Let’s say I recently ventured to a Himalayan mountaintop. There I met a strange hermit who bestowed on me a precious gift: the specification of the true model for predicting credit card default.
There were two catches: (1) she said nothing about how the model would perform in a recession; and (2) she emphasized that my gift would be lost if I divulged its secrets to any living soul. When asked to clarify, she said that I could never share the model’s secrets with bank examiners and model validation teams.
After the encounter, I got home, made some forecasts, waited, and found that the model was as promised. While I couldn’t specifically predict defaults, my predictions would, in the long run, be far more accurate than those produced by other analysts.
Given these parameters, would a bank be interested in my modeling services? Even though I’d have no meaningful documentation, I think most banks — after an extensive proof of concept — would be willing to give me a chance.
This situation, which I concede may be apocryphal, is not a million miles removed from the promise of machine learning and artificial intelligence. These new modeling tools can often be shown to perform better than traditional methods.

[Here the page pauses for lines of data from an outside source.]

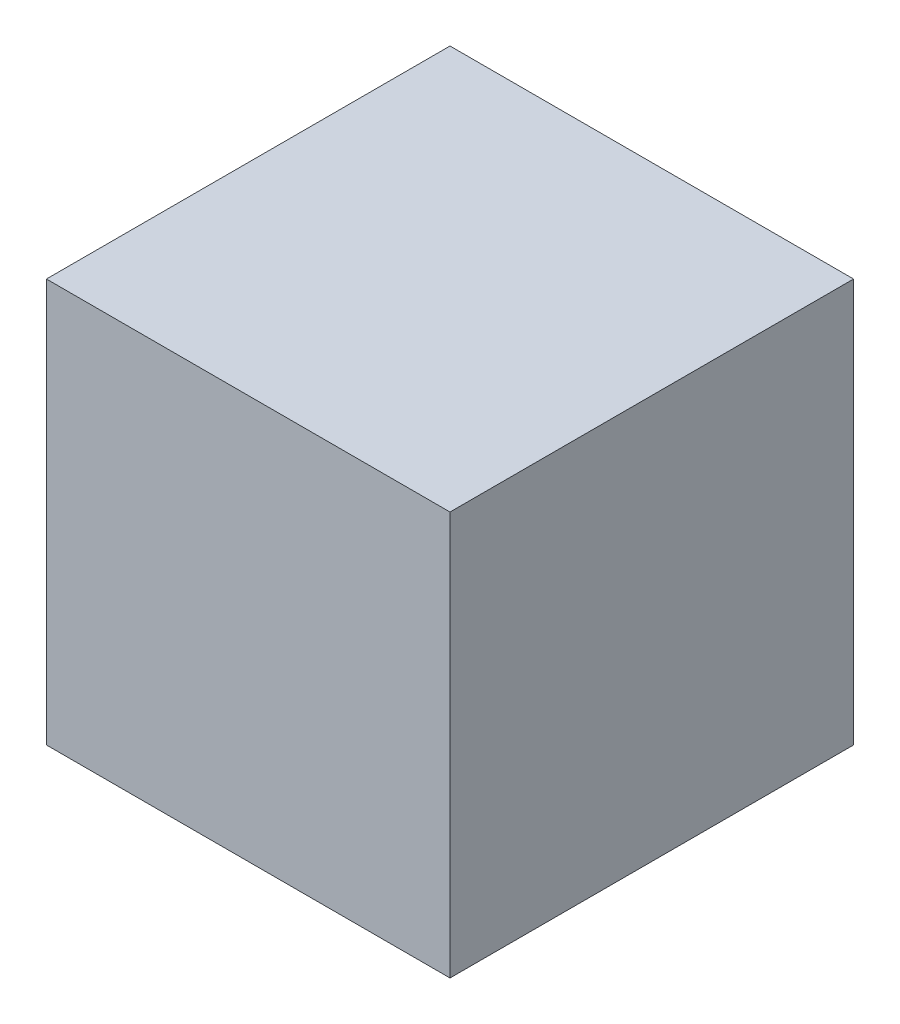
SolidWorks part; units mm, degrees
ref_plane "Front Plane" through (0, 0, 0) normal (0, 0, 1) x (1, 0, 0)
ref_plane "Top Plane" through (0, 0, 0) normal (0, 1, 0) x (1, 0, 0)
ref_plane "Right Plane" through (0, 0, 0) normal (1, 0, 0) x (0, 0, -1)
sketch "Sketch1" plane through (0, 0, 0) normal (0, 0, 1) x (1, 0, 0)
  line L1 (-32.5, -32.5) -> (32.5, -32.5)
  line L2 (-32.5, -32.5) -> (-32.5, 32.5)
  line L3 (-32.5, 32.5) -> (32.5, 32.5)
  line L4 (32.5, -32.5) -> (32.5, 32.5)
  line L5 (-32.5, -32.5) -> (32.5, 32.5) construction
  line L6 (-32.5, 32.5) -> (32.5, -32.5) construction
  point P0 (0, 0)
  dimension "D1" = 65
  dimension "D2" = 65
extrude "Boss-Extrude1" add sketch "Sketch1" along normal blind 32.5 and the other way blind 32.5
sketch "Sketch2" plane through (0, 0, 0) normal (0, 0, 1) x (1, 0, 0)
  line L0 (32.5, 0) -> (-32.5, 0) construction
  line L1 (-32.5, -32.5) -> (32.5, -32.5) construction
  line L2 (-32.5, -32.5) -> (-32.5, 32.5) construction
  line L3 (-32.5, 32.5) -> (32.5, 32.5) construction
  line L4 (32.5, -32.5) -> (32.5, 32.5) construction
  line L5 (-32.5, -32.5) -> (32.5, 32.5) construction
  line L6 (-32.5, 32.5) -> (32.5, -32.5) construction
  line L7 (32.5, 22.981) -> (-32.5, -22.981) construction
  line L8 (32.5, 3.6859) -> (45.9619, 3.6859) construction
  line L9 (32.5, 11.0578) -> (45.9619, 11.0578) construction
  line L10 (32.5, 18.4297) -> (45.9619, 18.4297) construction
  line L11 (32.5, 0) -> (45.9619, 0) construction
  line L12 (45.9619, 18.4297) -> (45.9619, 11.0578) construction
  line L13 (45.9619, 11.0578) -> (45.9619, 3.6859) construction
  line L14 (45.9619, -3.6859) -> (45.9619, 3.6859) construction
  line L15 (32.5, 3.6859) -> (27.1521, 3.6859) construction
  line L16 (32.5, 11.0578) -> (30.7642, 11.0578) construction
  line L17 (32.5, 18.4297) -> (29.8022, 18.4297) construction
  line L18 (29.8022, 18.4297) -> (14.9764, 9.2614) construction
  line L19 (27.1521, 3.6859) -> (24.8573, 3.6859) construction
  line L20 (25.9472, 8.4353) -> (23.671, 8.4353) construction
  line L21 (23.671, 8.4353) -> (21.7275, 7.7427) construction
  line L22 (13.1363, 1.7052) -> (15.9507, 2.0705) construction
  line L23 (15.4785, 4.3734) -> (15.6915, 3.5335) construction
  line L24 (15.7343, 3.3382) -> (15.9375, 2.1696) construction
  line L25 (2.66, 0) -> (0, 0) construction
  line L26 (13.1488, 1.6059) -> (15.9635, 1.9713)
  line L27 (15.9507, 2.0705) -> (22.8739, 2.9691) construction
  line L28 (15.9635, 1.9713) -> (22.9857, 2.8828)
  line L29 (30.7642, 11.0578) -> (28.5958, 11.0578) construction
  line L30 (27.0117, 14.5039) -> (29.1508, 14.5039) construction
  line L31 (16.9152, 4.893) -> (15.451, 4.4695) construction
  line L32 (27.0117, 14.5039) -> (17.2694, 9.2727) construction
  line L33 (19.149, 4.1872) -> (15.7132, 3.4359) construction
  line L34 (23.6102, 8.3074) -> (21.855, 7.682)
  line L35 (27.1521, 3.5859) -> (24.7709, 3.5859)
  line L36 (32.5, 3.5859) -> (27.1521, 3.5859)
  line L37 (32.5, 3.5859) -> (45.9619, 3.5859)
  line L38 (15.9375, 2.1696) -> (22.7616, 3.0554)
  line L39 (23.6537, 8.5353) -> (21.5995, 7.8032)
  line L40 (26.0173, 8.5353) -> (23.6537, 8.5353)
  line L41 (32.5, 3.7859) -> (27.238, 3.7859)
  line L42 (32.5, 3.7859) -> (45.9619, 3.7859)
  line L43 (32.5, 10.9578) -> (45.9619, 10.9578)
  line L44 (32.5, 10.9578) -> (30.7642, 10.9578)
  line L45 (30.7642, 10.9578) -> (28.5272, 10.9578)
  line L46 (26.9708, 14.3684) -> (17.4046, 9.2318)
  line L47 (19.2678, 4.1108) -> (15.7343, 3.3382)
  line L48 (13.1492, 1.606) -> (15.9635, 1.9713) construction
  line L49 (15.9378, 2.1696) -> (22.7616, 3.0554) construction
  line L50 (19.2678, 4.1108) -> (15.7346, 3.3382) construction
  line L51 (19.0296, 4.2635) -> (15.6915, 3.5335)
  line L52 (26.9866, 14.6039) -> (17.1337, 9.3134)
  line L53 (26.9866, 14.6039) -> (29.21, 14.6039)
  line L54 (32.5, 11.1578) -> (30.8323, 11.1578)
  line L55 (32.5, 11.1578) -> (45.9619, 11.1578)
  line L56 (32.5, 18.3297) -> (45.9619, 18.3297)
  line L57 (32.5, 18.3297) -> (29.8307, 18.3297)
  line L58 (29.8307, 18.3297) -> (15.1138, 9.2288)
  line L59 (17.0388, 4.8247) -> (15.4785, 4.3734)
  line L60 (19.0296, 4.2635) -> (15.6919, 3.5336) construction
  line L61 (17.0388, 4.8247) -> (15.4788, 4.3734) construction
  line L62 (16.7911, 4.9612) -> (15.4229, 4.5655)
  line L63 (29.7738, 18.5297) -> (14.8385, 9.2937)
  line L64 (32.5, 18.5297) -> (29.7738, 18.5297)
  line L65 (32.5, 18.5297) -> (45.9619, 18.5297)
  line L66 (16.7911, 4.9612) -> (15.4232, 4.5656) construction
  line L67 (27.8013, 12.687) -> (25.018, 11.4168) construction
  line L68 (26.745, 6.1908) -> (29.868, 6.9935) construction
  line L69 (16.6386, 10.1717) -> (17.1337, 9.3134) construction
  line L70 (20.2806, 10.7761) -> (21.5995, 7.8032) construction
  line L71 (14.8385, 9.2937) -> (13.7083, 10.892) construction
  line L72 (13.1488, 1.6059) -> (13.1488, -1.6059) construction
  line L73 (22.0478, 6.4283) -> (18.9139, 5.5145) construction
  line L74 (18.318, 6.6901) -> (16.634, 6.0751) construction
  line L75 (14.714, 6.4969) -> (16.0168, 7.0721) construction
  arc A0 (27.1521, 3.6859) -> (25.9472, 8.4353) centre (2.66, 0) ccw construction
  arc A1 (24.8573, 3.6859) -> (23.671, 8.4353) centre (0, 0) ccw construction
  arc A2 (21.7275, 7.7427) -> (22.8739, 2.9691) centre (0, 0) cw construction
  arc A3 (30.7642, 11.0578) -> (29.1508, 14.5039) centre (2.66, 0) ccw construction
  arc A4 (28.5958, 11.0578) -> (27.0117, 14.5039) centre (0, 0) ccw construction
  arc A5 (17.2694, 9.2727) -> (19.149, 4.1872) centre (0, 0) cw construction
  arc A6 (14.9764, 9.2614) -> (16.9152, 4.893) centre (0, 0) cw construction
  arc A7 (15.451, 4.4695) -> (13.1329, 9.2864) centre (0, 0) ccw
  arc A8 (15.451, 4.4695) -> (15.7132, 3.4359) centre (0, 0) cw
  arc A9 (15.7132, 3.4359) -> (15.9507, 2.0705) centre (0, 0) cw
  arc A10 (13.1363, 1.7052) -> (13.2465, 0) centre (0, 0) cw
  arc A11 (21.855, 7.682) -> (22.9857, 2.8828) centre (0, 0) cw
  arc A12 (24.7709, 3.5859) -> (23.6102, 8.3074) centre (0, 0) ccw
  arc A13 (21.5995, 7.8032) -> (22.7616, 3.0554) centre (0, 0) cw
  arc A14 (27.238, 3.7859) -> (26.0173, 8.5353) centre (2.66, 0) ccw
  arc A15 (28.5272, 10.9578) -> (26.9708, 14.3684) centre (0, 0) ccw
  arc A16 (17.4046, 9.2318) -> (19.2678, 4.1108) centre (0, 0) cw
  arc A17 (17.1337, 9.3134) -> (19.0296, 4.2635) centre (0, 0) cw
  arc A18 (30.8323, 11.1578) -> (29.21, 14.6039) centre (2.66, 0) ccw
  arc A19 (15.1138, 9.2288) -> (17.0388, 4.8247) centre (0, 0) cw
  arc A20 (14.8385, 9.2937) -> (16.7911, 4.9612) centre (0, 0) cw
  arc A21 (27.238, 3.7859) -> (24.2753, 12.921) centre (0, 0) ccw construction
  arc A22 (28.5272, 10.9578) -> (30.4961, 3.7859) centre (2.66, 0) cw construction
  arc A25 (21.5995, 7.8032) -> (20.2806, 10.7761) centre (0, 0) ccw construction
  arc A26 (17.1337, 9.3134) -> (16.6386, 10.1717) centre (0, 0) ccw construction
  point P0 (0, 0)
  point P9 (0, 0)
  point P12 (0, 0)
  point P21 (45.9619, 0)
  point P114 (14.2734, 10.0928)
  point P116 (13.1488, 0)
  dimension "D1" = 65
  dimension "D2" = 65
  dimension "D3" = 35.264
  dimension "D4" = 13.4619
  dimension "D5" = 0.1
  dimension "D6" = 0.1
  dimension "D7" = 0.1
  dimension "D8" = 0.1
equation "\"size\"= 65mm"
equation "\"offset\"= 0.1mm"
equation "\"D1@Sketch1\"=\"size\""
equation "\"D2@Sketch1\"=\"size\""
equation "\"D1@Boss-Extrude1\"=\"size\"/2"
equation "\"D2@Boss-Extrude1\"=\"size\"/2"
equation "\"D1@Sketch2\"=\"size\""
equation "\"D2@Sketch2\"=\"size\""
equation "\"D3@Sketch2\"=atn(1/sqr(2))"
equation "\"D4@Sketch2\"=\"size\"*(sqr(2)-1)/2"
equation "\"D5@Sketch2\"=\"offset\""
equation "\"D6@Sketch2\"=\"offset\""
equation "\"D7@Sketch2\"=\"offset\""
equation "\"D8@Sketch2\"=\"offset\""

The downside is that the rationale behind decisions made by an algorithm tends to be indecipherable to the average bank executive or regulator, and even the analyst who actually designed the algorithms in the first place.
Gaining Credibility
In the past, “black box” solutions have generally been viewed with suspicion in the banking industry. The point of credit models was to enable bank executives to gain greater insight and understanding of the nature and performance of their portfolios, helping them make better decisions about what risks were worth taking.
Now, it seems, the “machine learning” moniker is gaining credibility and, as long as the new model works demonstrably better than the status quo, it’ll have a good shot at being implemented at a bank regardless of its complexity.
In cases where the success or failure of a model-based solution can be precisely determined, such as assessing the credit-worthiness of loan applicants, it’s hard to imagine people-based decision systems surviving for much longer.
For example, I remember working with a risk analyst in the late 2000s who was asked to assess the performance of a mortgage application review team. Applications with middling credit scores were parceled off to this team for review, after which prospective clients were either accepted or rejected.
What the bank discovered was that using just the model-based score, with a strict cut-off, led to higher revenue and lower credit losses. Even if the team worked for free, in other words, it still would have been preferable for the staff involved to be redeployed or laid off.
Stress Testing Complexities
In cases where the best model is harder to determine — more strategic problems like stress testing and capital planning spring immediately to mind — the benefits of black box techniques will likely be elusive.
Stress test models are, after all, notoriously difficult to invalidate.
The point of the stress test model is to predict behavior during a banking system crisis, but we have had only one such event during the past 20 years. We can show that our model exhibits rising losses in a 2008 back-test, but no one can say whether the Great Recession was a “typical” stress event in any meaningful sense.
If we could measure stress test model performance precisely, and if an artificially intelligent model was found to perform substantially better than the alternative, there would be no valid argument against its application. An examiner may bemoan his lack of understanding of the technique, but he would be unable to deny its superior performance.
In the real world, given the difficulty in truly validating stress test models, we must instead content ourselves with the fig leaf of model interpretability.
Uncertain Future
Of course, if artificially intelligent systems were smart enough, separate stress testing models would be unnecessary. If the machine had seen it all before (recession, famine, revolution and war) and developed the smarts to both gauge the likelihood and calculate the capital needs of the bank in the unlikely event, the executive’s only role would be to feed the dog tasked with preventing human intervention in the prediction process.
However, even if we were armed with data on every banking interaction in human history, we would still be millennia removed from this point. Such events are just too strange and infrequent for us to allow data-based methodologies to be central in crisis prediction and mitigation.
In a world where AI models completely took over, the other key role for executives would be deciding when and how to check the machines, and, if needed, switch them off. This could happen — if external conditions change or if customers or competitors adapt to exploit weaknesses in the artificially intelligent system.
I suspect this will be the next big challenge for researchers. We know that new techniques predict accurately under current conditions. But can we now demonstrate the circumstances in which the AI model will one day break?